The parameters and interfaces of the CosyVoice speech synthesis Python SDK.
User guide: For model overviews and selection suggestions, see Real-time speech synthesis - CosyVoice.
Prerequisites
-
You have activated the Model Studio and created an API key. Export it as an environment variable (not hard-coded) to prevent security risks.
NoteFor temporary access or strict control over high-risk operations (accessing/deleting sensitive data), use a temporary authentication token instead.
Compared with long-term API keys, temporary tokens are more secure (60-second lifespan) and reduce API key leakage risk.
To use a temporary token, replace the API key used for authentication in your code with the temporary authentication token.
Models and pricing
Text and format limitations
Text length limits
-
Non-streaming calls or unidirectional streaming calls: The text length per request must not exceed 20,000 characters.
-
Bidirectional streaming calls: The text length per request must not exceed 20,000 characters, and the cumulative text length across all requests must not exceed 200,000 characters.
Character counting rules
-
Chinese characters (simplified/traditional Chinese, Japanese Kanji, Korean Hanja) count as two characters. All other characters (punctuation, letters, numbers, Kana, Hangul) count as one.
-
SSML tags are not included when calculating the text length.
-
Examples:
-
"你好"→ 2 (Chinese character) + 2 (Chinese character) = 4 characters -
"中A文123"→ 2 (Chinese character) + 1 (A) + 2 (Chinese character) + 1 (1) + 1 (2) + 1 (3) = 8 characters -
"中文。"→ 2 (Chinese character) + 2 (Chinese character) + 1 (.) = 5 characters -
"中 文。"→ 2 (Chinese character) + 1 (space) + 2 (Chinese character) + 1 (.) = 6 characters -
"<speak>你好</speak>"→ 2 (Chinese character) + 2 (Chinese character) = 4 characters
-
Encoding format
Use UTF-8 encoding.
Support for mathematical expressions
Mathematical expression parsing (v3.5-flash, v3.5-plus, v3-flash, v3-plus, v2 only): Supports primary and secondary school math—basic operations, algebra, geometry.
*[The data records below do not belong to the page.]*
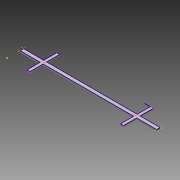
# Autodesk Inventor part: Brace
Saved by Autodesk Inventor 2015 (Build 190159000, 159)
## iProperties
Created: 2016-01-15
Part Number: Brace
Material: ABS Plastic
Document SubType Name: Modeling
Designer: 576994
Mass: 64.2385 g
Surface Area: 282.063 cm^2
Volume: 60.6023 cm^3
Density: 1.06 g/cm^3
Appearance: Smooth - White
Author: 576994
Autodesk Inventor part; units mm, degrees
ref_plane "Work Plane4" through (0, 0, 5) normal (0, 0, 1) x (1, 0, 0)
sketch "Sketch2" plane through (0, 0, 5) normal (0, 0, 1) x (1, 0, 0)
  line L0 (0, 0) -> (235, 0)
  line L1 (235, 0) -> (235, 51)
  line L2 (235, 51) -> (0, 51)
  line L3 (0, 51) -> (0, 0)
  line L4 (235, 0) -> (235, 51) projected
  line L5 (0, 22.5) -> (235, 22.5)
  line L6 (235, 22.5) -> (235, 28.5)
  line L7 (235, 28.5) -> (0, 28.5)
  line L8 (0, 28.5) -> (0, 22.5)
  line L9 (0, 22.5) -> (235, 28.5) construction
  line L10 (235, 22.5) -> (0, 28.5) construction
  point P0 (117.5, 25.5)
  dimension "d4" = 6
  constraints: 20 end point, 4 parallel, 2 horizontal, 2 midpoint, 2 perpendicular, 1 point on line
  measures "d4" distance of L6.end L5.end
extrude "Extrusion2" add sketch "Sketch2" along normal blind 3 contours L3 L7 L1 L5
ref_plane "Work Plane8" through (0, 0, 5) normal (0, 0, 1) x (1, 0, 0)
sketch "Sketch3" plane through (0, 0, 5) normal (0, 0, 1) x (1, 0, 0)
  line L0 (0, 28.5) -> (235, 28.5) projected
  line L1 (235, 51) -> (0, 51) projected
  line L2 (34.5, 28.5) -> (39.5, 28.5)
  line L3 (39.5, 28.5) -> (39.5, 51)
  line L4 (39.5, 51) -> (34.5, 51)
  line L5 (34.5, 51) -> (34.5, 28.5)
  point P0 (0, 0)
  dimension "d7" = 5
  constraints: 8 end point, 2 parallel, 2 point on line, 1 horizontal, 1 perpendicular
  measures "d7" distance of L4.end L3.end
ref_plane "Work Plane9" through (0, 0, 5) normal (0, 0, 1) x (1, 0, 0)
sketch "Sketch5" plane through (0, 0, 5) normal (0, 0, 1) x (1, 0, 0)
  line L0 (235, 51) -> (0, 51) projected
  line L1 (117.5, 51) -> (117.5, 0)
  line L2 (235, 28.5) -> (0, 28.5) projected
  line L3 (34.5, 51) -> (39.5, 51)
  line L4 (39.5, 51) -> (39.5, 28.5)
  line L5 (39.5, 28.5) -> (34.5, 28.5)
  line L6 (34.5, 28.5) -> (34.5, 51)
  line L7 (0, 22.5) -> (235, 22.5) projected
  line L8 (34.5, 22.5) -> (39.5, 22.5)
  line L9 (39.5, 22.5) -> (39.5, 0)
  line L10 (39.5, 0) -> (34.5, 0)
  line L11 (34.5, 0) -> (34.5, 22.5)
  line L12 (195.5, 51) -> (195.5, 28.5)
  line L13 (200.5, 28.5) -> (200.5, 51)
  line L14 (195.5, 22.5) -> (195.5, 0)
  line L15 (195.5, 0) -> (200.5, 0)
  line L16 (200.5, 0) -> (200.5, 22.5)
  line L17 (195.5, 28.5) -> (200.5, 28.5)
  line L18 (195.5, 22.5) -> (200.5, 22.5)
  line L19 (195.5, 51) -> (200.5, 51)
  point P0 (0, 0)
  dimension "d13" = 5
  constraints: 34 end point, 8 symmetric about line, 4 parallel, 3 perpendicular, 3 point on line, 2 collinear, 2 horizontal, 1 midpoint, 1 vertical
  measures "d13" distance of L4.end L5.end
extrude "Extrusion5" add sketch "Sketch3" along normal blind 3
extrude "Extrusion6" add sketch "Sketch5" along normal blind 3 contours L9 L10 L11 L7
extrude "Extrusion7" add sketch "Sketch5" along normal blind 3 contours L13 L2 L12 L0 | L7 L16 L15 L14
sketch "Sketch7" plane through (0, 0, 8) normal (0, 0, 1) x (1, 0, 0)
  line L0 (0, 28.5) -> (34.5, 28.5)
  line L1 (34.5, 28.5) -> (34.5, 51)
  line L2 (34.5, 51) -> (39.5, 51)
  line L3 (39.5, 51) -> (39.5, 28.5)
  line L4 (39.5, 28.5) -> (39.5, 51) projected
  line L5 (39.5, 28.5) -> (195.5, 28.5)
  line L6 (195.5, 28.5) -> (195.5, 51)
  line L7 (195.5, 51) -> (195.5, 28.5) projected
  line L8 (195.5, 51) -> (185.7081, 51)
  line L9 (200.5, 51) -> (200.5, 28.5)
  line L10 (200.5, 28.5) -> (200.5, 51) projected
  line L11 (200.5, 28.5) -> (235, 28.5)
  line L12 (235, 28.5) -> (235, 22.5)
  line L13 (235, 22.5) -> (200.5, 22.5)
  line L14 (200.5, 22.5) -> (200.5, 0)
  line L15 (200.5, 0) -> (200.5, 22.5) projected
  line L16 (200.5, 0) -> (195.5, 0)
  line L17 (195.5, 0) -> (200.5, 0) projected
  line L18 (195.5, 0) -> (195.5, 22.5)
  line L19 (195.5, 22.5) -> (39.5, 22.5)
  line L20 (0, 22.5) -> (235, 22.5) projected
  line L21 (39.5, 22.5) -> (39.5, 0)
  line L22 (39.5, 0) -> (34.5, 0)
  line L23 (34.5, 0) -> (39.5, 0) projected
  line L24 (34.5, 0) -> (34.5, 22.5)
  line L25 (34.5, 22.5) -> (34.5, 0) projected
  line L26 (34.5, 22.5) -> (0, 22.5)
  line L27 (0, 22.5) -> (0, 28.5)
  line L28 (0, 28.5) -> (0, 22.5) projected
  point P0 (0, 0)
  constraints: 40 end point, 9 collinear, 9 perpendicular, 2 point on line, 1 horizontal
body "Solid1"

This feature only supports Chinese.
See Convert LaTeX formulas to speech (Chinese language only).
SSML support
SSML is available for custom voices (voice design or cloning) with v3.5-flash, v3.5-plus, v3-flash, v3-plus, and v2, and for system voices marked as supported in the voice list. Requirements:
-
Use DashScope SDK version 1.23.4 or later.
-
Non-streaming calls and unidirectional streaming calls (the
callmethod of the SpeechSynthesizer class) are supported, but bidirectional streaming calls (thestreaming_callmethod of the SpeechSynthesizer class) are not supported. -
Pass SSML-formatted text to the
callmethod of the SpeechSynthesizer class, just as for regular speech synthesis.
Getting started
The SpeechSynthesizer class provides core speech synthesis interfaces and supports the following invocation methods:
-
Non-streaming: A blocking call that sends the full text at once and returns the complete audio. Suitable for short text.
-
Unidirectional streaming: A non-blocking call that sends the full text at once and receives audio via callback. Suitable for short text with low latency.
-
Bidirectional streaming: A non-blocking call that sends text fragments incrementally and receives audio via callback in real time. Suitable for long text with low latency.
Non-streaming
Submit a single speech synthesis task and receive the complete audio result in one response (no streaming, no callbacks).
Instantiate the SpeechSynthesizer class, bind request parameters, and call the call method to synthesize and retrieve binary audio data.
The text length must not exceed 20,000 characters.
Before each call to the call method, you must re-initialize the SpeechSynthesizer instance.
Unidirectional streaming
Submit a single speech synthesis task and stream results in real time through the ResultCallback interface.
Instantiate the SpeechSynthesizer class, bind request parameters and the callback interface (ResultCallback), and call the call method to synthesize and retrieve results in real time through the on_data method of the callback interface (ResultCallback).
The text length must not exceed 20,000 characters.
Before each call to the call method, you must re-initialize the SpeechSynthesizer instance.
Bidirectional streaming
Submit text in multiple parts within a single speech synthesis task and receive synthesis results in real time through callbacks.
-
During streaming input, call
streaming_callmultiple times to submit text fragments in order. After receiving a fragment, the server automatically splits it into sentences:-
Complete sentences are synthesized immediately.
-
Incomplete sentences are cached until complete, then synthesized.
When you call
streaming_complete, the server forces synthesis of all received but unprocessed fragments—including incomplete sentences. -
-
The interval between text fragment submissions must not exceed 23 seconds, or the system throws a "request timeout after 23 seconds" error.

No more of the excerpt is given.